In the present invention, the polyurea resin putty agent having a low elastic modulus, that is, the material forming the elastic layer 104 (elastic layer forming material) contains a main agent, a curing agent, a filler, an additive, etc. An example is as follows.
(I) Main agent: A prepolymer having an isocyanate (for example, 4, -4′diphenylmethane diisocyanate) as a reaction component and having a terminal residual isocyanate adjusted to 1 to 16 parts by weight with NCO wt%.
(Ii) Curing agent: A curing agent containing an aromatic amine (for example, an amine value of 80 to 90) is used as a main component, and the NCO: amine ratio of the main agent is calculated at 1.0: 0.55 to 0.99 parts by weight. Use what was done. Furthermore, p-toluenesulfonic acid salt etc. can also be included as a hardening accelerator.
(Iii) Filler: Meteorite powder, a habit modifier, and the like are included, and are appropriately blended in an amount of 1 to 500 parts by weight.
(Iv) Additives: Colorants, viscosity modifiers, plasticizers and the like are included, and are appropriately blended in an amount of 1 to 50 parts by weight.

Here, the polyurea resin putty agent has a tensile elongation at curing of 400% or more (usually 400 to 600%), a tensile strength of 8 N / mm ² or more (usually 8 to 10 N / mm ² ), and a tensile elastic modulus. 60 N / mm ² or more and 500 N / mm ² or less (usually 60 to 100 N / mm ² ).

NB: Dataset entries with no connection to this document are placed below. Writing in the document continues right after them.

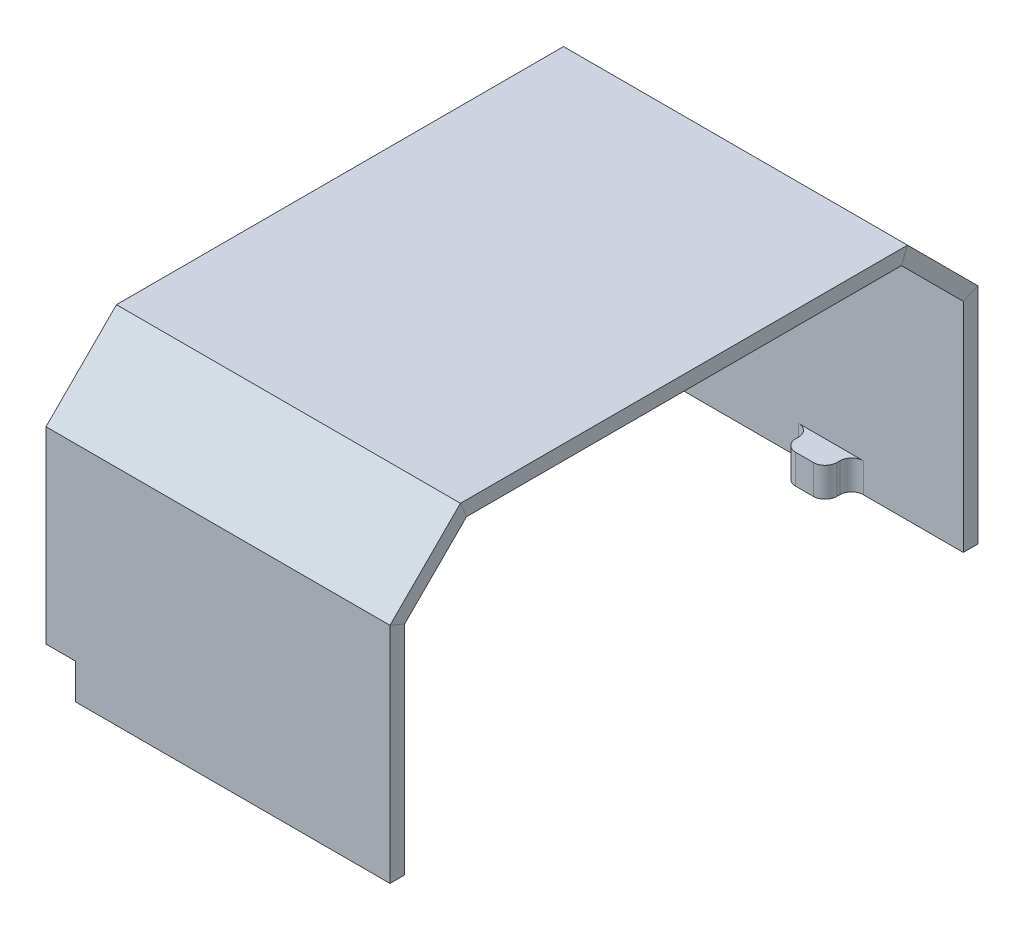
SolidWorks part; units mm, degrees
ref_plane "Front Plane" through (0, 0, 0) normal (0, 0, 1) x (1, 0, 0)
ref_plane "Top Plane" through (0, 0, 0) normal (0, 1, 0) x (1, 0, 0)
ref_plane "Right Plane" through (0, 0, 0) normal (1, 0, 0) x (0, 0, -1)
sketch "Sketch1" plane through (0, 0, 0) normal (0, 1, 0) x (1, 0, 0)
  line L1 (-50, -95) -> (50, -95)
  line L2 (-50, -95) -> (-50, -100)
  line L3 (-50, -100) -> (50, -100)
  line L4 (50, -95) -> (50, -100)
  line L5 (-50, -95) -> (50, -100) construction
  line L6 (-50, -100) -> (50, -95) construction
  line L7 (-50, 100) -> (50, 100) construction
  line L8 (-50, 100) -> (-50, 95) construction
  line L9 (-50, 95) -> (50, 95) construction
  line L10 (50, 100) -> (50, 95) construction
  line L11 (-50, 100) -> (50, 95) construction
  line L12 (-50, 95) -> (50, 100) construction
  point P4 (0, -97.5)
  point P9 (0, 97.5)
  dimension "D1" = 200
  dimension "D2" = 5
  dimension "D3" = 5
  dimension "D4" = 100
  dimension "D5" = 100
  dimension "D6" = 100
  dimension "D7" = 50
  dimension "D8" = 50
sketch "Sketch2" plane through (0, 0, 0) normal (1, 0, 0) x (0, 0, -1)
  line L0 (-97.5, 0) -> (-97.5, 75)
  line L1 (97.5, 0) -> (97.5, 75)
  line L2 (100, 0) -> (95, 0) construction
  line L3 (75, 97.5) -> (-75, 97.5)
  line L4 (-97.5, 75) -> (-75, 97.5)
  line L5 (75, 97.5) -> (97.5, 75)
  point P1 (0, 97.5)
  dimension "D1" = 150
  dimension "D2" = 0
  dimension "D3" = 97.5
  dimension "D4" = 0
sweep "Sweep3" add profiles "Sketch1" path "Sketch2"
ref_plane "Plane1" through (20, 0, 0) normal (1, 0, 0) x (0, 0, -1)
sketch "Sketch3" plane through (20, 0, 0) normal (1, 0, 0) x (0, 0, -1)
  line L1 (-100, 76.0355) -> (-76.0355, 100)
  line L2 (-76.0355, 100) -> (76.0355, 100)
  line L3 (76.0355, 100) -> (100, 76.0355)
  line L7 (95, 73.9645) -> (73.9645, 95)
  line L8 (73.9645, 95) -> (-73.9645, 95)
  line L9 (-73.9645, 95) -> (-95, 73.9645)
  line L12 (-100, 76.0355) -> (-95, 73.9645)
  line L13 (95, 73.9645) -> (100, 76.0355)
sketch "Sketch4" plane through (0, 100, 0) normal (0, 1, 0) x (1, 0, 0)
  point P0 (30.439, 28.6485)
sketch "Sketch5" plane through (-50, 0, 0) normal (-1, 0, 0) x (0, 0, 1)
  line L0 (-100, 0) -> (-95, 0)
  line L1 (-95, 0) -> (-95, 73.9645)
  line L2 (-95, 73.9645) -> (-73.9645, 95)
  line L3 (-73.9645, 95) -> (73.9645, 95)
  line L4 (73.9645, 95) -> (95, 73.9645)
  line L5 (95, 73.9645) -> (95, 0)
  line L6 (95, 0) -> (100, 0)
  line L7 (100, 0) -> (100, 76.0355)
  line L8 (100, 76.0355) -> (76.0355, 100)
  line L9 (76.0355, 100) -> (-76.0355, 100)
  line L10 (-76.0355, 100) -> (-100, 76.0355)
  line L11 (-100, 76.0355) -> (-100, 0)
extrude "Boss-Extrude1" add sketch "Sketch5" along normal blind 17
sketch "Sketch6" plane through (0, 0, -100) normal (0, 0, -1) x (-1, 0, 0)
  line L0 (57, 0) -> (57, 12)
  line L1 (67, 0) -> (-50, 0) construction
  line L2 (57, 12) -> (67, 12)
  line L3 (67, 76.0355) -> (67, 0) construction
  line L4 (67, 12) -> (67, 0)
  line L5 (67, 0) -> (57, 0)
  dimension "D1" = 10
  dimension "D2" = 12
extrude "Cut-Extrude1" cut sketch "Sketch6" against normal through all
sketch "Sketch7" plane through (0, 0, 0) normal (0, -1, 0) x (1, 0, 0)
  line L0 (50, 73.9645) -> (50, 95) construction
  line L6 (-2, 100) -> (12, 100)
  line L10 (-57, 100) -> (50, 100) construction
  line L11 (-2, 100) -> (-2, 86)
  line L12 (-2, 86) -> (12, 86)
  line L13 (12, 100) -> (12, 86)
  line L14 (-2, 100) -> (12, 86) construction
  line L15 (-2, 86) -> (12, 100) construction
  point P4 (-3.5, 86)
  point P5 (5, 93)
  dimension "D1" = 14
  dimension "D2" = 14
  dimension "D3" = 45
extrude "Boss-Extrude2" add sketch "Sketch7" against normal blind 10
sketch "Sketch8" plane through (0, 0, 0) normal (0, -1, 0) x (1, 0, 0)
  line L0 (-57, 100) -> (50, 100) construction
  line L1 (12, 86) -> (12, 95) construction
  circle A0 centre (5, 93) radius 6
  dimension "D1" = 12
  dimension "D2" = 7
  dimension "D3" = 7
extrude "Cut-Extrude2" cut sketch "Sketch8" against normal blind 2
fillet "Fillet1" radius 4 4 edges at (12, 5, 95) (-2, 5, 95) (-2, 5, 86) (12, 5, 86)
sketch "Sketch9" plane through (0, 0, 0) normal (0, -1, 0) x (1, 0, 0)
  line L0 (-57, -100) -> (50, -100) construction
  line L1 (-2, -100) -> (12, -100)
  line L2 (-2, -100) -> (-2, -86)
  line L3 (-2, -86) -> (12, -86)
  line L4 (12, -100) -> (12, -86)
  line L5 (-2, -100) -> (12, -86) construction
  line L6 (-2, -86) -> (12, -100) construction
  line L8 (50, -100) -> (50, -95) construction
  point P4 (5, -93)
  dimension "D1" = 14
  dimension "D2" = 14
  dimension "D3" = 45
extrude "Boss-Extrude3" add sketch "Sketch9" against normal blind 10
sketch "Sketch10" plane through (0, 0, 0) normal (0, -1, 0) x (1, 0, 0)
  line L0 (-57, -100) -> (50, -100) construction
  line L1 (-2, -86) -> (-2, -95) construction
  circle A0 centre (5, -93) radius 6
  dimension "D1" = 12
  dimension "D2" = 7
  dimension "D3" = 7
extrude "Cut-Extrude3" cut sketch "Sketch10" against normal blind 2
fillet "Fillet2" radius 4 4 edges at (12, 5, -86) (-2, 5, -95) (-2, 5, -86) (12, 5, -95)

If the elastic modulus is less than 60 N / mm ² , the necessary reinforcing stress cannot be transmitted, and conversely, if it exceeds 100 N / mm ² , particularly if it exceeds 500 N / mm ² , the problem of insufficient elongation performance arises. .

  Moreover, in order to use polyurea resin as a putty agent, the viscosity at 2 revolutions by a BM type viscometer at 23 ° C. is 200 to 700 Pa · s, and at 20 revolutions, it is in the range of 60 to 100 Pa · s. It is desirable that the thixotropic index, that is, the ratio of the measured values of viscosity at different rotational speeds by a rotational viscometer (viscosity at 20 rotational speeds ÷ viscosity at 2 rotational speeds) is 4 to 7.

  That is, when the viscosity is less than 60 Pa · s and the thixotropic index is less than 4, sagging occurs after coating, and it becomes difficult to apply the smoothness of the coated surface and the ceiling surface and wall surface, and conversely, the viscosity is 100 Pa. If the thixotropic index is larger than s and exceeds 7, the resin is hard, there is a problem in mixing, and it is difficult to apply smoothly.

  Here, Table 1 below shows the epoxy resin putty agent conventionally used as the material for forming the buffer material layer described in Patent Document 1 and the material for forming the elastic layer used in the present invention. The result of having compared the physical property which the polyurea resin putty agent of the said composition has is shown.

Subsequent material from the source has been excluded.